After rebuilding the museum in the Caribbean, Sarah Black finds herself unearthing a newfound treasure that brings her to Kingsmouth, and island ravaged by Davy Jones’ curse that turns humans into fish-people. Nightmares from the Deep 2: The Siren’s Call introduces you to Calliope, the one who can help put an end to this, but is quickly snatched away by the recently turned mayor, Mayor Murray. – Other people to talk to regularly
Nightmares from the Deep 2: The Siren’s Call is all about more. There’s more involved puzzles, perhaps too many sliding tile puzzles, but ones that initiate more activity. Every scene, whether just viewing or interacting with, are much more detailed and appropriate for 1080p monitors, and the cutscenes get a boost too. The game was released in 2013, but animations look better, and no more pixelation when watching them.
A complaint I had in my review of Nightmares from the Deep: The Cursed Heart, was that the map only told you were you were and where you had to go, backtracking had to be done manually. This time, any location on the map you’ve previously visited, you can teleport to. It is such a huge time-saver. While every scene created is great to look at, backtracking through all of it was always less than desired. This was a necessary and welcome change.
Whether you choose to play the hidden object games, or Mahjong, the game will require multiple playthroughs in order to get all of the achievements.

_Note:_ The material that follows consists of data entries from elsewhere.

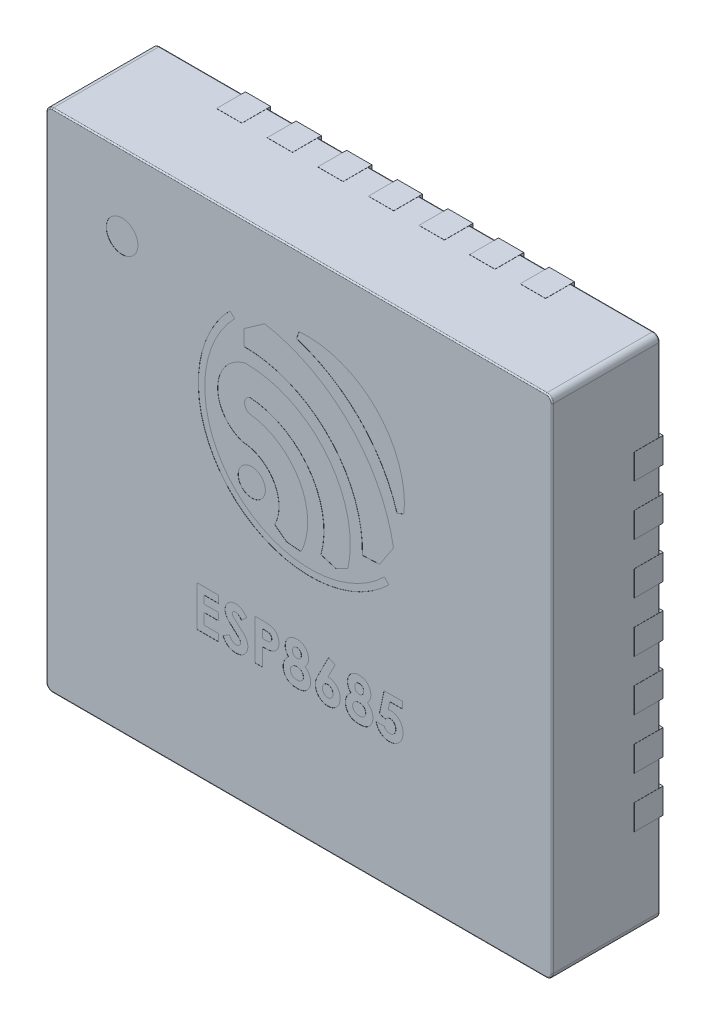
from build123d import *

# Parameters (mm, degrees)
SKETCH1_W                = 4
SKETCH1_H                = 4
BOSS_EXTRUDE1_DEPTH      = 0.85
FILLET1_R                = 0.05
FILLET2_R                = 0.01
BOSS_EXTRUDE2_DEPTH      = 0.025
BOSS_EXTRUDE2_DEPTH_BACK = 0.203
SKETCH2_W                = 0.2
SKETCH2_H                = 0.35
SKETCH2_W_2              = 0.35
SKETCH2_H_2              = 0.2
SKETCH3_R                = 0.125
SKETCH3_R_2              = 0.107472001
CUT_EXTRUDE1_DEPTH       = 0.001
BODY_MOVE_COPY1_ANGLE    = 180


with BuildPart() as part:
    # Sketch1 → Boss-Extrude1 (new body)
    with BuildSketch(Plane(origin=(0, 0, 0), x_dir=(1, 0, 0), z_dir=(0, 1, 0))):
        Rectangle(SKETCH1_W, SKETCH1_H)
    extrude(amount=BOSS_EXTRUDE1_DEPTH)

    # Fillet1
    fillet1_edges = [part.edges().sort_by_distance(p)[0] for p in [
        (2, 0.425, 2),
        (-2, 0.425, 2),
        (-2, 0.425, -2),
        (2, 0.425, -2),
    ]]
    fillet(fillet1_edges, radius=FILLET1_R)

    # Fillet2
    fillet2_edges = [part.edges().sort_by_distance(p)[0] for p in [
        (0, 0, -2),
        (0, 0.85, -2),
        (2, 0, 0),
        (0, 0, 2),
        (-2, 0, 0),
        (-1.985355339, 0, -1.985355339),
        (-1.985355339, 0, 1.985355339),
        (1.985355339, 0, 1.985355339),
        (1.985355339, 0, -1.985355339),
        (2, 0.85, 0),
        (-2, 0.85, 0),
        (0, 0.85, 2),
        (-1.985355339, 0.85, -1.985355339),
        (-1.985355339, 0.85, 1.985355339),
        (1.985355339, 0.85, 1.985355339),
        (1.985355339, 0.85, -1.985355339),
    ]]
    fillet(fillet2_edges, radius=FILLET2_R)

    # Sketch2 → Boss-Extrude2 (add, two sides: drawn at the far end of the back side and taken through both)
    with BuildSketch(Plane.XZ.offset(-BOSS_EXTRUDE2_DEPTH_BACK)):
        with BuildLine():
            Line((1.05, 1.35), (1.35, 1.05))
            Line((1.35, 1.05), (1.35, -1.3))
            ThreePointArc((1.35, -1.3), (1.335355339, -1.335355339), (1.3, -1.35))
            Line((1.3, -1.35), (-1.3, -1.35))
            ThreePointArc((-1.3, -1.35), (-1.335355339, -1.335355339), (-1.35, -1.3))
            Line((-1.35, -1.3), (-1.35, 1.3))
            ThreePointArc((-1.35, 1.3), (-1.335355339, 1.335355339), (-1.3, 1.35))
            Line((-1.3, 1.35), (1.05, 1.35))
        make_face()
        with Locations((0, 1.826)):
            Rectangle(SKETCH2_W, SKETCH2_H)
        with Locations((-0.4, 1.826)):
            Rectangle(SKETCH2_W, SKETCH2_H)
        with Locations((-0.8, 1.826)):
            Rectangle(SKETCH2_W, SKETCH2_H)
        with Locations((-1.2, 1.826)):
            Rectangle(SKETCH2_W, SKETCH2_H)
        with Locations((1.2, 1.826)):
            Rectangle(SKETCH2_W, SKETCH2_H)
        with Locations((0.8, 1.826)):
            Rectangle(SKETCH2_W, SKETCH2_H)
        with Locations((0.4, 1.826)):
            Rectangle(SKETCH2_W, SKETCH2_H)
        with Locations((0.4, -1.826)):
            Rectangle(SKETCH2_W, SKETCH2_H)
        with Locations((0.8, -1.826)):
            Rectangle(SKETCH2_W, SKETCH2_H)
        with Locations((1.2, -1.826)):
            Rectangle(SKETCH2_W, SKETCH2_H)
        with Locations((-1.2, -1.826)):
            Rectangle(SKETCH2_W, SKETCH2_H)
        with Locations((-0.8, -1.826)):
            Rectangle(SKETCH2_W, SKETCH2_H)
        with Locations((-0.4, -1.826)):
            Rectangle(SKETCH2_W, SKETCH2_H)
        with Locations((0, -1.826)):
            Rectangle(SKETCH2_W, SKETCH2_H)
        with Locations((1.826, 0)):
            Rectangle(SKETCH2_W_2, SKETCH2_H_2)
        with Locations((1.826, 0.4)):
            Rectangle(SKETCH2_W_2, SKETCH2_H_2)
        with Locations((1.826, 0.8)):
            Rectangle(SKETCH2_W_2, SKETCH2_H_2)
        with Locations((1.826, 1.2)):
            Rectangle(SKETCH2_W_2, SKETCH2_H_2)
        with Locations((1.826, -1.2)):
            Rectangle(SKETCH2_W_2, SKETCH2_H_2)
        with Locations((1.826, -0.8)):
            Rectangle(SKETCH2_W_2, SKETCH2_H_2)
        with Locations((1.826, -0.4)):
            Rectangle(SKETCH2_W_2, SKETCH2_H_2)
        with Locations((-1.826, -0.4)):
            Rectangle(SKETCH2_W_2, SKETCH2_H_2)
        with Locations((-1.826, -0.8)):
            Rectangle(SKETCH2_W_2, SKETCH2_H_2)
        with Locations((-1.826, -1.2)):
            Rectangle(SKETCH2_W_2, SKETCH2_H_2)
        with Locations((-1.826, 1.2)):
            Rectangle(SKETCH2_W_2, SKETCH2_H_2)
        with Locations((-1.826, 0.8)):
            Rectangle(SKETCH2_W_2, SKETCH2_H_2)
        with Locations((-1.826, 0.4)):
            Rectangle(SKETCH2_W_2, SKETCH2_H_2)
        with Locations((-1.826, 0)):
            Rectangle(SKETCH2_W_2, SKETCH2_H_2)
    extrude(amount=BOSS_EXTRUDE2_DEPTH + BOSS_EXTRUDE2_DEPTH_BACK)

    # Sketch3 → Cut-Extrude1 (cut)
    # profile 1 of 13: a face of its own
    with BuildSketch(Plane(origin=(0, 0.85, 0), x_dir=(1, 0, 0), z_dir=(0, 1, 0))):
        with Locations(Location((1.4, -1.4, 0), (0, 0, 270))):
            Circle(SKETCH3_R)
    # profile 2 of 13: a face of its own
    with BuildSketch(Plane(origin=(0, 0.85, 0), x_dir=(1, 0, 0), z_dir=(0, 1, 0))):
        with Locations(Location((0.375017505, -0.227849833, 0), (0, 0, 270))):
            Circle(SKETCH3_R_2)
    # profile 3 of 13: a face of its own
    with BuildSketch(Plane(origin=(0, 0.85, 0), x_dir=(1, 0, 0), z_dir=(0, 1, 0))):
        with BuildLine():
            Line((-0.773286495, -0.589520589), (-0.828510495, -0.613040589))
            ThreePointArc((-0.828510495, -0.613040589), (-0.607761275, -1.222708442), (0.00076044, -1.446597767))
            Line((0.00076044, -1.446597767), (0.021809505, -1.387928589))
            ThreePointArc((0.021809505, -1.387928589), (-0.47527642, -1.087849605), (-0.773286495, -0.589520589))
        make_face()
    # profile 4 of 13: a face of its own
    with BuildSketch(Plane(origin=(0, 0.85, 0), x_dir=(1, 0, 0), z_dir=(0, 1, 0))):
        with BuildLine():
            Line((-0.498966496, -0.165607946), (-0.635070496, -0.171439946))
            Line((-0.635070496, -0.171439946), (-0.745062496, -0.339367946))
            ThreePointArc((-0.745062496, -0.339367946), (-0.397801646, -1.0122452), (0.272435069, -1.364575504))
            Line((0.272435069, -1.364575504), (0.437555069, -1.248727504))
            Line((0.437555069, -1.248727504), (0.437555069, -1.127023504))
            ThreePointArc((0.437555069, -1.127023504), (-0.233804849, -0.844156001), (-0.498966496, -0.165607946))
        make_face()
    # profile 5 of 13: a face of its own
    with BuildSketch(Plane(origin=(0, 0.85, 0), x_dir=(1, 0, 0), z_dir=(0, 1, 0))):
        with BuildLine():
            Line((0.509897505, -1.281128589), (0.548369505, -1.315160589))
            ThreePointArc((0.548369505, -1.315160589), (0.536391558, -0.071226936), (-0.707592816, -0.067069905))
            Line((-0.707592816, -0.067069905), (-0.673379225, -0.105385966))
            ThreePointArc((-0.673379225, -0.105385966), (0.500195297, -0.107592099), (0.509897505, -1.281128589))
        make_face()
    # profile 6 of 13: a face of its own
    with BuildSketch(Plane(origin=(0, 0.85, 0), x_dir=(1, 0, 0), z_dir=(0, 1, 0))):
        with BuildLine():
            Line((0.194323427, -0.029549242), (0.099619427, 0.042114758))
            Line((0.099619427, 0.042114758), (-0.014092573, 0.052122758))
            ThreePointArc((-0.014092573, 0.052122758), (-0.003728264, -0.42347503), (0.391435672, -0.688326193))
            ThreePointArc((0.391435672, -0.688326193), (0.431665983, -0.745525596), (0.389312484, -0.801171177))
            ThreePointArc((0.389312484, -0.801171177), (-0.081333382, -0.537761574), (-0.171051707, -0.005931929))
            Line((-0.171051707, -0.005931929), (-0.291243707, 0.029852071))
            Line((-0.291243707, 0.029852071), (-0.384882088, -0.017015065))
            ThreePointArc((-0.384882088, -0.017015065), (-0.219691206, -0.71081969), (0.423764293, -1.018419929))
            ThreePointArc((0.423764293, -1.018419929), (0.644542345, -0.752603498), (0.447355338, -0.46884549))
            ThreePointArc((0.447355338, -0.46884549), (0.200066121, -0.318762014), (0.194323427, -0.029549242))
        make_face()
    # profile 7 of 13: a face of its own
    with BuildSketch(Plane(origin=(0, 0.85, 0), x_dir=(1, 0, 0), z_dir=(0, 1, 0))):
        with BuildLine():
            Line((-0.670705128, 0.675), (-0.816410256, 0.675))
            Line((-0.816410256, 0.675), (-0.816410256, 0.728333333))
            Line((-0.816410256, 0.728333333), (-0.716217949, 0.728333333))
            Line((-0.716217949, 0.728333333), (-0.703717949, 0.788846154))
            add(Edge.make_bspline(
                [(-0.703717949, 0.788846154), (-0.705421008, 0.788370353), (-0.708800025, 0.787426322), (-0.713864698, 0.786511046), (-0.718766532, 0.785885272), (-0.72196399, 0.785807309), (-0.723525641, 0.785769231)],
                knots=[0, 0, 0, 0, 1.054652254, 2.092520994, 3.068380062, 4, 4, 4, 4], degree=3))
            add(Edge.make_bspline(
                [(-0.723525641, 0.785769231), (-0.726928278, 0.7858472), (-0.733635624, 0.786000895), (-0.74344762, 0.787459962), (-0.752843187, 0.789757947), (-0.761793571, 0.793035348), (-0.770290031, 0.797300971), (-0.778342865, 0.802461178), (-0.785961957, 0.808525034), (-0.793011959, 0.815496334), (-0.799489796, 0.82315098), (-0.805121906, 0.831430289), (-0.809932079, 0.840216207), (-0.813757925, 0.849563346), (-0.816777608, 0.859413001), (-0.818959699, 0.869771483), (-0.820250078, 0.88065107), (-0.820424077, 0.888073433), (-0.820512821, 0.891858974)],
                knots=[0, 0, 0, 0, 1.01440847, 1.999622559, 2.951875003, 3.895578053, 4.836219714, 5.782137149, 6.743708247, 7.735272588, 8.734977101, 9.730283169, 10.717124674, 11.717316708, 12.737475749, 13.78628267, 14.87096371, 16, 16, 16, 16], degree=3))
            add(Edge.make_bspline(
                [(-0.820512821, 0.891858974), (-0.820404931, 0.89568768), (-0.820192035, 0.903242835), (-0.818787929, 0.914348311), (-0.816351405, 0.925004104), (-0.812865955, 0.935145703), (-0.808467594, 0.944847383), (-0.803159282, 0.954120948), (-0.79674238, 0.962863114), (-0.789479576, 0.971069635), (-0.781555157, 0.978576719), (-0.77309589, 0.985163244), (-0.764244768, 0.990803831), (-0.7548763, 0.995277483), (-0.74513383, 0.998834774), (-0.73498352, 1.001418835), (-0.724381593, 1.002901907), (-0.717184056, 1.003102944), (-0.713525641, 1.003205128)],
                knots=[0, 0, 0, 0, 1.068252361, 2.107974174, 3.117445057, 4.112928197, 5.094821713, 6.085741881, 7.08864209, 8.115013732, 9.139860459, 10.12970393, 11.102304324, 12.062250553, 13.020362151, 13.992066755, 14.979393365, 16, 16, 16, 16], degree=3))
            add(Edge.make_bspline(
                [(-0.713525641, 1.003205128), (-0.710254679, 1.003118777), (-0.703803659, 1.002948473), (-0.694286452, 1.001973661), (-0.685158722, 1.000037692), (-0.676330475, 0.99760714), (-0.667923767, 0.994256762), (-0.659765366, 0.990406624), (-0.652100867, 0.985572849), (-0.644712526, 0.980247743), (-0.637884375, 0.974200069), (-0.631544636, 0.96766498), (-0.625934467, 0.960520317), (-0.620844854, 0.952904945), (-0.61655233, 0.944676669), (-0.612715062, 0.935983498), (-0.609580239, 0.92672758), (-0.60798843, 0.920311749), (-0.607179487, 0.917051282)],
                knots=[0, 0, 0, 0, 1.055144606, 2.080965977, 3.079696235, 4.061281178, 5.030010203, 5.994686618, 6.966205752, 7.947572972, 8.929036963, 9.903776773, 10.879904045, 11.854643856, 12.853445432, 13.868704235, 14.916895142, 16, 16, 16, 16], degree=3))
            Line((-0.607179487, 0.917051282), (-0.672820513, 0.917051282))
            add(Edge.make_bspline(
                [(-0.672820513, 0.917051282), (-0.674019851, 0.919311518), (-0.676350627, 0.923704029), (-0.680794446, 0.92952243), (-0.685734292, 0.934537215), (-0.691301463, 0.93856084), (-0.697200284, 0.941785848), (-0.703443611, 0.944152149), (-0.710026478, 0.945511642), (-0.714523836, 0.945682801), (-0.716794872, 0.945769231)],
                knots=[0, 0, 0, 0, 1.105237818, 2.14790357, 3.154462025, 4.139874369, 5.10774607, 6.055457142, 7.018062016, 8, 8, 8, 8], degree=3))
            add(Edge.make_bspline(
                [(-0.716794872, 0.945769231), (-0.718377699, 0.945709658), (-0.721491939, 0.945592447), (-0.726080493, 0.944972845), (-0.73045964, 0.943797809), (-0.734665883, 0.942175785), (-0.738711706, 0.940126082), (-0.742576727, 0.93760767), (-0.746241577, 0.934636393), (-0.749694042, 0.931260368), (-0.752810226, 0.927487075), (-0.75556667, 0.92345908), (-0.75792464, 0.919179891), (-0.759757486, 0.914602332), (-0.761236538, 0.909777286), (-0.762332198, 0.90469868), (-0.762985432, 0.899354842), (-0.763046018, 0.895706976), (-0.763076923, 0.893846154)],
                knots=[0, 0, 0, 0, 0.978584799, 1.925382083, 2.854237347, 3.773848163, 4.706917643, 5.651871472, 6.619075428, 7.618203006, 8.630937754, 9.638147826, 10.630884984, 11.643619732, 12.679505692, 13.746568031, 14.850495961, 16, 16, 16, 16], degree=3))
            add(Edge.make_bspline(
                [(-0.763076923, 0.893846154), (-0.763050989, 0.892027138), (-0.76300047, 0.888483857), (-0.762285842, 0.883309403), (-0.761390356, 0.878355846), (-0.759942771, 0.873669541), (-0.758176619, 0.86919812), (-0.755867665, 0.865045348), (-0.753361399, 0.861020606), (-0.750308674, 0.857417017), (-0.747083637, 0.854080035), (-0.743603499, 0.851177606), (-0.73994534, 0.848734274), (-0.736112988, 0.846738307), (-0.732142324, 0.845084484), (-0.727943564, 0.84405665), (-0.723618907, 0.843272122), (-0.720666208, 0.843227692), (-0.719166667, 0.843205128)],
                knots=[0, 0, 0, 0, 1.166510573, 2.272258428, 3.34817395, 4.393855846, 5.415148486, 6.427654656, 7.43960333, 8.452852352, 9.451798603, 10.415864797, 11.355425197, 12.269514664, 13.186377996, 14.107845883, 15.039060727, 16, 16, 16, 16], degree=3))
            add(Edge.make_bspline(
                [(-0.719166667, 0.843205128), (-0.717537524, 0.843265243), (-0.714272371, 0.843385727), (-0.709438012, 0.844417588), (-0.704619316, 0.845944851), (-0.699878972, 0.848225315), (-0.695172398, 0.85115128), (-0.690491493, 0.854686356), (-0.685855192, 0.858887048), (-0.682925751, 0.862028613), (-0.681410256, 0.863653846)],
                knots=[0, 0, 0, 0, 0.882519632, 1.768758668, 2.670168731, 3.618680561, 4.612333577, 5.671392632, 6.795336641, 8, 8, 8, 8], degree=3))
            Line((-0.681410256, 0.863653846), (-0.633076923, 0.852564103))
            Line((-0.633076923, 0.852564103), (-0.670705128, 0.675))
        make_face()
    # profile 8 of 13: a face of its own
    with BuildSketch(Plane(origin=(0, 0.85, 0), x_dir=(1, 0, 0), z_dir=(0, 1, 0))):
        with BuildLine():
            add(Edge.make_bspline(
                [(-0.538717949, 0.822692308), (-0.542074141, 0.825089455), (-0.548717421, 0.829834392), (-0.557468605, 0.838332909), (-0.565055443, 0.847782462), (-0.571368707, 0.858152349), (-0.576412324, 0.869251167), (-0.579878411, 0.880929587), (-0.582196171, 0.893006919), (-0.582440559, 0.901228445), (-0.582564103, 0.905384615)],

By making the map system faster to flow through, it is a shorter game and thus easier to reply. When you buy the Steam version of the game, you again get the Collector’s Edition version which includes a bonus adventure, which is ancillary but actually concludes the story more solidly in getting Sarah Black home once more. And of course, after completing the core game, can replay puzzles, hidden object finds, or even download wallpaper containing the scenes from the game. The bonuses are really neat and are a treat for post-game completion.
Nightmares from the Deep 2: The Siren’s Call is a very tightly paced, and focused game that’s entertaining from start to finish. It does bears resemblance to the game prior but makes many improvements all along the way. It does require you have knowledge of the prior game, and it only benefits from having done so. Nightmares from the Deep 2: The Siren’s Call is only the second part in now a formed trilogy, and the improvements made here show that the best is yet to come.
Retails for: $9.99, Recommended Purchase Price: $9.99
A Steam code was provided by the publisher for review purposes.